What is yours is yours, and in addition to your home, that includes items like your vehicle and your suitcase.
You have protections against unreasonable searches and seizures, but there are exceptions to the rules, one of which is called “plain view.”
About the Fourth Amendment
The Fourth Amendment to the Constitution of the United States protects your home and other possessions from unreasonable searches and seizures conducted by law enforcement and other government personnel. More specifically, the Fourth Amendment controls three types of activity: intrusions into privacy; seizures of the person, such as a detention or arrest; and seizures of property.

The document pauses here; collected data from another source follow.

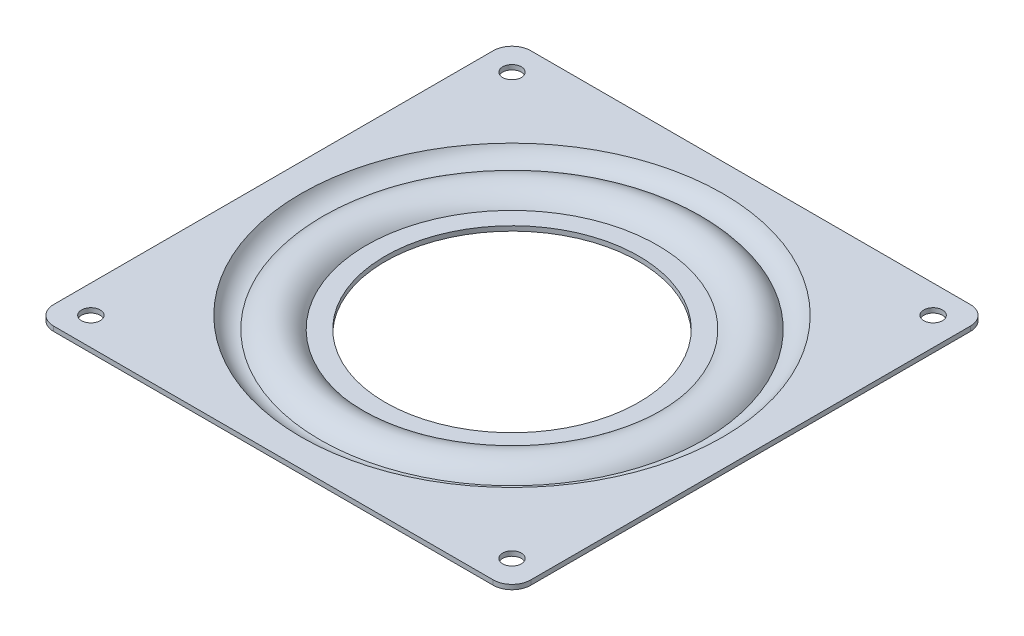
SolidWorks part; units mm, degrees
ref_plane "前视基准面" through (0, 0, 0) normal (0, 0, 1) x (1, 0, 0)
ref_plane "上视基准面" through (0, 0, 0) normal (0, 1, 0) x (1, 0, 0)
ref_plane "右视基准面" through (0, 0, 0) normal (1, 0, 0) x (0, 0, -1)
sketch "草图1" plane through (0, 0, 0) normal (0, 0, 1) x (1, 0, 0)
  line L0 (-36.7805, 0) -> (-35.9228, 0)
  line L1 (0, 6.9172) -> (0, -6.9172) construction
  line L2 (-31, -2.5698) -> (-27, -2.5698)
  line L3 (-35.9228, 0) -> (0, 0) construction
  line L4 (0, 0) -> (43.3864, 0) construction
  line L5 (-43.3864, 0) -> (-36.7805, 0) construction
  line L6 (-31.5531, -3.5698) -> (-27, -3.5698)
  line L7 (-27, -2.5698) -> (-27, -3.5698)
  line L8 (-44.9105, 0) -> (-45.8139, -0.4289)
  arc A0 (-44.9105, 0) -> (-40.8455, -2.5698) centre (-40.8455, 1.9302) ccw
  arc A1 (-40.8455, -2.5698) -> (-31, -2.5698) centre (-35.9228, -6) cw
  arc A2 (-40.8455, -2.5698) -> (-36.8127, -0.0664) centre (-40.8455, 1.9302) ccw construction
  arc A3 (-36.8127, -0.0664) -> (-36.7805, 0) centre (-40.8455, 1.9302) ccw
  arc A4 (-45.8139, -0.4289) -> (-40.2759, -3.5402) centre (-40.8455, 1.9302) ccw
  arc A5 (-40.2759, -3.5402) -> (-31.5531, -3.5698) centre (-35.9228, -6) cw
  point P4 (0, 0)
  point P8 (0, 0)
  dimension "D1" = 4.5
  dimension "D2" = 6
  dimension "D3" = 27
  dimension "D4" = 4
revolve "旋转1" add sketch "草图1" angle 360 about L1 region at (-33.2348, -0.8509, 0)
sketch "草图2" plane through (0, 0, 0) normal (0, 1, 0) x (1, 0, 0)
  line L1 (-46.8, 50.8) -> (46.8, 50.8)
  line L2 (-50.8, 46.8) -> (-50.8, -46.8)
  line L3 (-46.8, -50.8) -> (46.8, -50.8)
  line L4 (50.8, 46.8) -> (50.8, -46.8)
  line L5 (-50.8, 50.8) -> (50.8, -50.8) construction
  line L6 (-50.8, -50.8) -> (50.8, 50.8) construction
  circle A0 centre (0, 0) radius 44.9105 construction
  circle A1 centre (0, 0) radius 44.9105
  arc A2 (-46.8, 50.8) -> (-50.8, 46.8) centre (-46.8, 46.8) ccw
  circle A3 centre (-44.845, 44.845) radius 1.985
  circle A4 centre (44.845, 44.845) radius 1.985
  arc A5 (50.8, 46.8) -> (46.8, 50.8) centre (46.8, 46.8) ccw
  circle A6 centre (44.845, -44.845) radius 1.985
  arc A7 (46.8, -50.8) -> (50.8, -46.8) centre (46.8, -46.8) ccw
  circle A8 centre (-44.845, -44.845) radius 1.985
  arc A9 (-50.8, -46.8) -> (-46.8, -50.8) centre (-46.8, -46.8) ccw
  point P14 (0, 0)
  point P32 (0, 0)
  dimension "D3" = 4
  dimension "D4" = 3.97
  dimension "D5" = 4
  dimension "D1" = 90
  dimension "D2" = 101.6
  dimension "D6" = 63.4204
extrude "凸台-拉伸1" add sketch "草图2" against normal blind 1 contours L2 L3 L4 L1 A2 A3 A1 region at (0, 0, -49.3632)

Illegal search and seizure
As an example of an illegal search and seizure, a law enforcement officer enters your home without a warrant and without your permission. The officer then takes items to use as evidence when charging you with an offense. Even if the officer has a warrant, he or she might search a part of your home that is outside the boundary of the warrant.
In plain view
There are two aspects of the plain view doctrine as identified by the State Supreme Court in Horton v. California. First, an item of interest must be in plain view and its “incriminating character” immediately apparent. Second, the officer interested in the object as evidence against you must lawfully be in a place where the object is in plain view and where he or she has “lawful right of access to the object itself.”
The Fourth Amendment often has a role to play in a charge of criminal activity. It is never too early to begin building a defense strategy in a matter concerning search and seizure. Your rights and liberties are at stake and you want the best outcome possible for your case.